Data items
- - -

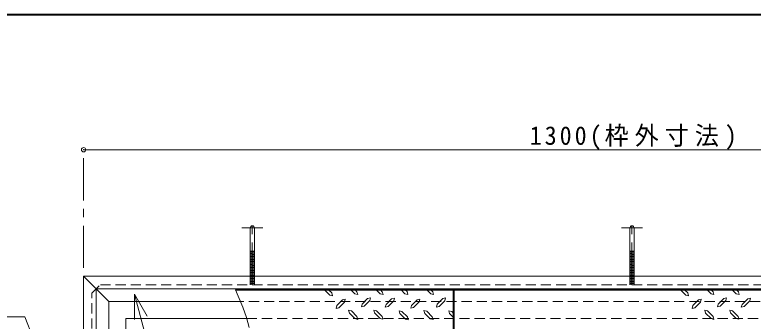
# Model space of a CAD drawing. Units: millimetres at full size, sheet at 1:10; details may follow other scales. Extents: x -2125 to 1925, y -1405 to 1405.
# Drawn here: x -1208 to -333, y 1042 to 1405 of the extents above; entities that cross this region are included whole.
import ezdxf

# ---------------------------------------------------------------- set-up
doc = ezdxf.new("R2010")
doc.units = ezdxf.units.MM
doc.header["$LTSCALE"] = 10
doc.header["$PDMODE"] = 32
doc.header["$PDSIZE"] = 5
doc.linetypes.add('CHAIN1', pattern=[8, 5, -1, 1, -1])
doc.linetypes.add('DASHED1', pattern=[1.8, 1.2, -0.6])
doc.layers.add('0-A', color=4, linetype='Continuous', lineweight=9)
doc.styles.add('ＭＳ ゴシック', font='')
doc.styles.get('ＭＳ ゴシック').set_extended_font_data('MS Gothic')

msp = doc.modelspace()

# ---------------------------------------------------------------- linework, layer by layer
at = {"layer": '0-A', "color": 1, "lineweight": 40}
for p, q in [((1925.2, 1405.02), (-2124.8, 1405.02)), ((-687.8, 745.02), (-687.8, 1079.02))]:
    msp.add_line(p, q, dxfattribs=at)
at = {"layer": '0-A'}
for p, q in [((-1126.8, 1245.02), (173.2, 1245.02)), ((-929.3, 1124.92), (-924.3, 1124.92)), ((-924.3, 1124.05), (-929.3, 1124.46)), ((-924.3, 1123.04), (-929.3, 1123.45)), ((-924.3, 1122.04), (-929.3, 1122.45)), ((-924.3, 1121.04), (-929.3, 1121.45)), ((-924.3, 1120.03), (-929.3, 1120.44)), ((-479.3, 1124.92), (-474.3, 1124.92)), ((-474.3, 1124.05), (-479.3, 1124.46)), ((-474.3, 1123.04), (-479.3, 1123.45)), ((-474.3, 1122.04), (-479.3, 1122.45)), ((-474.3, 1121.04), (-479.3, 1121.45)), ((-474.3, 1120.03), (-479.3, 1120.44)), ((-924.3, 1119.03), (-929.3, 1119.44)), ((-924.3, 1118.03), (-929.3, 1118.44)), ((-924.3, 1117.02), (-929.3, 1117.43)), ((-924.3, 1116.02), (-929.3, 1116.43)), ((-924.3, 1115.02), (-929.3, 1115.43)), ((-924.3, 1114.01), (-929.3, 1114.42)), ((-924.3, 1113.01), (-929.3, 1113.42)), ((-924.3, 1112.01), (-929.3, 1112.42)), ((-474.3, 1119.03), (-479.3, 1119.44)), ((-474.3, 1118.03), (-479.3, 1118.44)), ((-474.3, 1117.02), (-479.3, 1117.43)), ((-474.3, 1116.02), (-479.3, 1116.43)), ((-474.3, 1115.02), (-479.3, 1115.43)), ((-474.3, 1114.01), (-479.3, 1114.42)), ((-474.3, 1113.01), (-479.3, 1113.42)), ((-474.3, 1112.01), (-479.3, 1112.42)), ((-924.3, 1111), (-929.3, 1111.41)), ((-924.3, 1110), (-929.3, 1110.41)), ((-924.3, 1109), (-929.3, 1109.41)), ((-924.3, 1107.99), (-929.3, 1108.4)), ((-924.3, 1106.99), (-929.3, 1107.4)), ((-924.3, 1105.99), (-929.3, 1106.4)), ((-924.3, 1104.98), (-929.3, 1105.39)), ((-924.3, 1103.98), (-929.3, 1104.39)), ((-924.3, 1102.98), (-929.3, 1103.39)), ((-474.3, 1111), (-479.3, 1111.41)), ((-474.3, 1110), (-479.3, 1110.41)), ((-474.3, 1109), (-479.3, 1109.41)), ((-474.3, 1107.99), (-479.3, 1108.4)), ((-474.3, 1106.99), (-479.3, 1107.4)), ((-474.3, 1105.99), (-479.3, 1106.4)), ((-474.3, 1104.98), (-479.3, 1105.39)), ((-474.3, 1103.98), (-479.3, 1104.39)), ((-474.3, 1102.98), (-479.3, 1103.39)), ((-924.3, 1101.97), (-929.3, 1102.38)), ((-924.3, 1100.97), (-929.3, 1101.38)), ((-924.3, 1099.97), (-929.3, 1100.38)), ((-924.3, 1098.96), (-929.3, 1099.37)), ((-924.3, 1097.96), (-929.3, 1098.37)), ((-924.3, 1096.96), (-929.3, 1097.37)), ((-924.3, 1095.95), (-929.3, 1096.36)), ((-925.13, 1095.02), (-929.3, 1095.36)), ((-474.3, 1101.97), (-479.3, 1102.38)), ((-474.3, 1100.97), (-479.3, 1101.38)), ((-474.3, 1099.97), (-479.3, 1100.38)), ((-474.3, 1098.96), (-479.3, 1099.37)), ((-474.3, 1097.96), (-479.3, 1098.37)), ((-474.3, 1096.96), (-479.3, 1097.37)), ((-474.3, 1095.95), (-479.3, 1096.36)), ((-475.13, 1095.02), (-479.3, 1095.36)), ((-1111.8, 1080.02), (-1096.8, 1065.02)), ((-841.4, 1079.02), (-835.06, 1072.82)), ((-836.42, 1079.02), (-832.64, 1075.24)), ((-809.86, 1079.02), (-805.13, 1074.29)), ((-805.03, 1079.02), (-802.72, 1076.71)), ((-802.72, 1076.71), (-801.77, 1073.45)), ((-779.93, 1079.02), (-775.21, 1074.29)), ((-750.36, 1079.02), (-745.91, 1074.4)), ((-745.6, 1079.02), (-743.39, 1076.81)), ((-719.98, 1079.02), (-715.25, 1074.29)), ((-715.15, 1079.02), (-712.84, 1076.71)), ((-419.4, 1079.02), (-413.06, 1072.82)), ((-414.42, 1079.02), (-410.64, 1075.24)), ((-387.86, 1079.02), (-383.13, 1074.29)), ((-383.03, 1079.02), (-380.72, 1076.71)), ((-380.72, 1076.71), (-379.77, 1073.45)), ((-357.93, 1079.02), (-353.21, 1074.29)), ((-831.7, 1071.88), (-835.06, 1072.82)), ((-832.64, 1075.24), (-831.7, 1071.88)), ((-801.77, 1073.45), (-805.13, 1074.29)), ((-796.73, 1062.01), (-790.12, 1068.73)), ((-790.12, 1068.73), (-786.76, 1069.57)), ((-786.76, 1069.57), (-787.7, 1066.21)), ((-768.28, 1061.69), (-761.66, 1068.41)), ((-761.66, 1068.41), (-758.41, 1069.25)), ((-758.41, 1069.25), (-759.25, 1065.89)), ((-707.69, 1061.8), (-701.08, 1068.52)), ((-409.7, 1071.88), (-413.06, 1072.82)), ((-410.64, 1075.24), (-409.7, 1071.88)), ((-379.77, 1073.45), (-383.13, 1074.29)), ((-374.73, 1062.01), (-368.12, 1068.73)), ((-368.12, 1068.73), (-364.76, 1069.57)), ((-364.76, 1069.57), (-365.7, 1066.21)), ((-346.28, 1061.69), (-339.66, 1068.41)), ((-339.66, 1068.41), (-336.41, 1069.25)), ((-336.41, 1069.25), (-337.25, 1065.89)), ((-940.8, 1065.02), (-1096.8, 1065.02)), ((-1096.8, 917.99), (-1096.8, 1065.02)), ((-826.76, 1060.22), (-827.6, 1056.97)), ((-826.76, 1060.22), (-820.04, 1066.94)), ((-824.24, 1057.81), (-817.63, 1064.42)), ((-796.73, 1062.01), (-797.57, 1058.75)), ((-794.21, 1059.59), (-797.57, 1058.75)), ((-794.21, 1059.59), (-787.7, 1066.21)), ((-768.28, 1061.69), (-769.22, 1058.44)), ((-765.86, 1059.28), (-769.22, 1058.44)), ((-765.86, 1059.28), (-759.25, 1065.89)), ((-738.25, 1060.43), (-739.09, 1057.18)), ((-738.25, 1060.43), (-731.53, 1067.15)), ((-735.73, 1058.02), (-729.11, 1064.63)), ((-707.69, 1061.8), (-708.64, 1058.54)), ((-705.28, 1059.38), (-708.64, 1058.54)), ((-705.28, 1059.38), (-698.66, 1066)), ((-404.76, 1060.22), (-405.6, 1056.97)), ((-404.76, 1060.22), (-398.04, 1066.94)), ((-402.24, 1057.81), (-395.63, 1064.42)), ((-374.73, 1062.01), (-375.57, 1058.75)), ((-372.21, 1059.59), (-375.57, 1058.75)), ((-372.21, 1059.59), (-365.7, 1066.21)), ((-346.28, 1061.69), (-347.22, 1058.44)), ((-343.86, 1059.28), (-347.22, 1058.44)), ((-343.86, 1059.28), (-337.25, 1065.89)), ((-824.24, 1057.81), (-827.6, 1056.97)), ((-811.75, 1051.4), (-812.59, 1054.76)), ((-809.33, 1053.92), (-812.59, 1054.76)), ((-811.75, 1051.4), (-805.13, 1044.79)), ((-809.33, 1053.92), (-802.72, 1047.2)), ((-779.62, 1053.92), (-782.87, 1054.87)), ((-782.03, 1051.51), (-782.87, 1054.87)), ((-782.03, 1051.51), (-775.42, 1044.89)), ((-779.62, 1053.92), (-772.9, 1047.31)), ((-751.79, 1050.88), (-752.74, 1054.24)), ((-749.38, 1053.4), (-752.74, 1054.24)), ((-751.79, 1050.88), (-745.28, 1044.37)), ((-749.38, 1053.4), (-742.76, 1046.78)), ((-735.73, 1058.02), (-739.09, 1057.18)), ((-720.08, 1053.5), (-723.44, 1054.45)), ((-722.5, 1051.09), (-723.44, 1054.45)), ((-722.5, 1051.09), (-715.88, 1044.47)), ((-720.08, 1053.5), (-713.47, 1046.89)), ((-692.89, 1050.88), (-693.83, 1054.24)), ((-690.47, 1053.4), (-693.83, 1054.24)), ((-692.89, 1050.88), (-687.8, 1045.79)), ((-690.47, 1053.4), (-687.8, 1050.34)), ((-402.24, 1057.81), (-405.6, 1056.97)), ((-389.75, 1051.4), (-390.59, 1054.76)), ((-387.33, 1053.92), (-390.59, 1054.76)), ((-389.75, 1051.4), (-383.13, 1044.79)), ((-387.33, 1053.92), (-380.72, 1047.2)), ((-357.62, 1053.92), (-360.87, 1054.87)), ((-360.03, 1051.51), (-360.87, 1054.87)), ((-360.03, 1051.51), (-353.42, 1044.89)), ((-357.62, 1053.92), (-350.9, 1047.31)), ((-801.77, 1043.95), (-805.13, 1044.79)), ((-802.72, 1047.2), (-801.77, 1043.95)), ((-379.77, 1043.95), (-383.13, 1044.79)), ((-380.72, 1047.2), (-379.77, 1043.95))]:
    msp.add_line(p, q, dxfattribs=at)
at = {"layer": '0-A', "linetype": 'CHAIN1'}
for p, q in [((-1126.8, 1105.02), (-1126.8, 1245.02)), ((-926.8, 1085.02), (-926.8, 1164.92)), ((-476.8, 1085.02), (-476.8, 1164.92)), ((-939.3, 1152.42), (-914.3, 1152.42)), ((-489.3, 1152.42), (-464.3, 1152.42))]:
    msp.add_line(p, q, dxfattribs=at)
at = {"layer": '0-A', "color": 7, "lineweight": 18}
for p, q in [((-929.3, 1152.42), (-929.3, 1095.02)), ((-924.3, 1152.42), (-924.3, 1095.02)), ((-479.3, 1152.42), (-479.3, 1095.02)), ((-474.3, 1152.42), (-474.3, 1095.02)), ((-1126.8, 1095.02), (-1126.8, 745.02)), ((-1126.8, 1095.02), (-1111.8, 1080.02)), ((173.2, 1095.02), (-1126.8, 1095.02)), ((-1111.8, 1080.02), (-1111.8, 745.02)), ((158.2, 1080.02), (-1111.8, 1080.02)), ((-946.7, 1079.02), (-943.43, 1071.41)), ((-1066.45, 1073.9), (-1050.3, 1013.6)), ((-1066.45, 1073.9), (-1066.45, 1043.9)), ((-1066.45, 1073.9), (-1051.45, 1047.92)), ((-943.43, 1071.41), (-938.09, 1058.47)), ((-938.09, 1058.47), (-933.6, 1046.02)), ((-1196.43, 1046.89), (-1219.96, 1046.89)), ((-1176.26, 995.74), (-1196.43, 1046.89)), ((-933.6, 1046.02), (-930.47, 1034.38))]:
    msp.add_line(p, q, dxfattribs=at)
at = {"layer": '0-A', "linetype": 'DASHED1'}
for p, q in [((-929.3, 1095.02), (-929.3, 1085.02)), ((-924.3, 1093.95), (-929.3, 1094.36)), ((-924.3, 1094.95), (-925.13, 1095.02)), ((-924.3, 1095.02), (-924.3, 1085.02)), ((-479.3, 1095.02), (-479.3, 1085.02)), ((-474.3, 1093.95), (-479.3, 1094.36)), ((-474.3, 1094.95), (-475.13, 1095.02)), ((-474.3, 1095.02), (-474.3, 1085.02)), ((-924.3, 1092.94), (-929.3, 1093.35)), ((-924.3, 1091.94), (-929.3, 1092.35)), ((-924.3, 1090.94), (-929.3, 1091.35)), ((-924.3, 1089.93), (-929.3, 1090.34)), ((-924.3, 1088.93), (-929.3, 1089.34)), ((-924.3, 1087.93), (-929.3, 1088.34)), ((-924.3, 1086.92), (-929.3, 1087.33)), ((-924.3, 1085.92), (-929.3, 1086.33)), ((-925.54, 1085.02), (-929.3, 1085.33)), ((-474.3, 1092.94), (-479.3, 1093.35)), ((-474.3, 1091.94), (-479.3, 1092.35)), ((-474.3, 1090.94), (-479.3, 1091.35)), ((-474.3, 1089.93), (-479.3, 1090.34)), ((-474.3, 1088.93), (-479.3, 1089.34)), ((-474.3, 1087.93), (-479.3, 1088.34)), ((-474.3, 1086.92), (-479.3, 1087.33)), ((-474.3, 1085.92), (-479.3, 1086.33)), ((-475.54, 1085.02), (-479.3, 1085.33)), ((-1116.8, 1075.02), (-1106.8, 1085.02)), ((-1116.8, 745.02), (-1116.8, 1075.02)), ((143.2, 1065.02), (-940.8, 1065.02)), ((-933.33, 1045.02), (123.2, 1045.02))]:
    msp.add_line(p, q, dxfattribs=at)
at = {"layer": '0-A', "color": 5, "lineweight": 25}
msp.add_line((-946.7, 1079.02), (156.2, 1079.02), dxfattribs=at)
at = {"layer": '0-A', "linetype": 'DASHED1'}
msp.add_lwpolyline([(-1106.8, 1085.02), (153.2, 1085.02), (163.2, 1075.02)], dxfattribs=at)
at = {"layer": '0-A'}
for points in [[(-775, 1079.02), (-772.69, 1076.71), (-771.85, 1073.35), (-775.21, 1074.29)], [(-743.39, 1076.81), (-742.55, 1073.56), (-745.91, 1074.4)], [(-712.84, 1076.71), (-711.89, 1073.35), (-715.25, 1074.29)], [(-353, 1079.02), (-350.69, 1076.71), (-349.85, 1073.35), (-353.21, 1074.29)], [(-820.04, 1066.94), (-816.79, 1067.78), (-817.63, 1064.42)], [(-731.53, 1067.15), (-728.27, 1067.99), (-729.11, 1064.63)], [(-701.08, 1068.52), (-697.72, 1069.36), (-698.66, 1066)], [(-398.04, 1066.94), (-394.79, 1067.78), (-395.63, 1064.42)], [(-1076.8, 910.62), (-1076.8, 1045.02), (-933.33, 1045.02)], [(-772.9, 1047.31), (-772.06, 1044.05), (-775.42, 1044.89)], [(-742.76, 1046.78), (-741.92, 1043.42), (-745.28, 1044.37)], [(-713.47, 1046.89), (-712.52, 1043.63), (-715.88, 1044.47)], [(-350.9, 1047.31), (-350.06, 1044.05), (-353.42, 1044.89)]]:
    msp.add_lwpolyline(points, dxfattribs=at)
at = {"layer": '0-A', "color": 7, "lineweight": 18}
for centre in [(-926.8, 1152.42), (-476.8, 1152.42)]:
    msp.add_arc(centre, 2.5, 0, 180, dxfattribs=at)
at = {"layer": '0-A'}
msp.add_point((-1126.8, 1245.02), dxfattribs=at)

# ---------------------------------------------------------------- texts
at = {"layer": '0-A', "color": 7, "insert": (-598.05, 1245.02), "char_height": 21.99, "attachment_point": 7, "style": 'ＭＳ ゴシック'}
msp.add_mtext('\\T1.25;\\W0.95;1300(枠外寸法)', dxfattribs=at)

doc.saveas('drawing.dxf')

- - -

◆ Assignment ◆
Copy each line in the entries above where the word "ゴシック" shows up.

◆ Task response ◆
doc.styles.add('ＭＳ ゴシック', font='')
doc.styles.get('ＭＳ ゴシック').set_extended_font_data('MS Gothic')
at = {"layer": '0-A', "color": 7, "insert": (-598.05, 1245.02), "char_height": 21.99, "attachment_point": 7, "style": 'ＭＳ ゴシック'}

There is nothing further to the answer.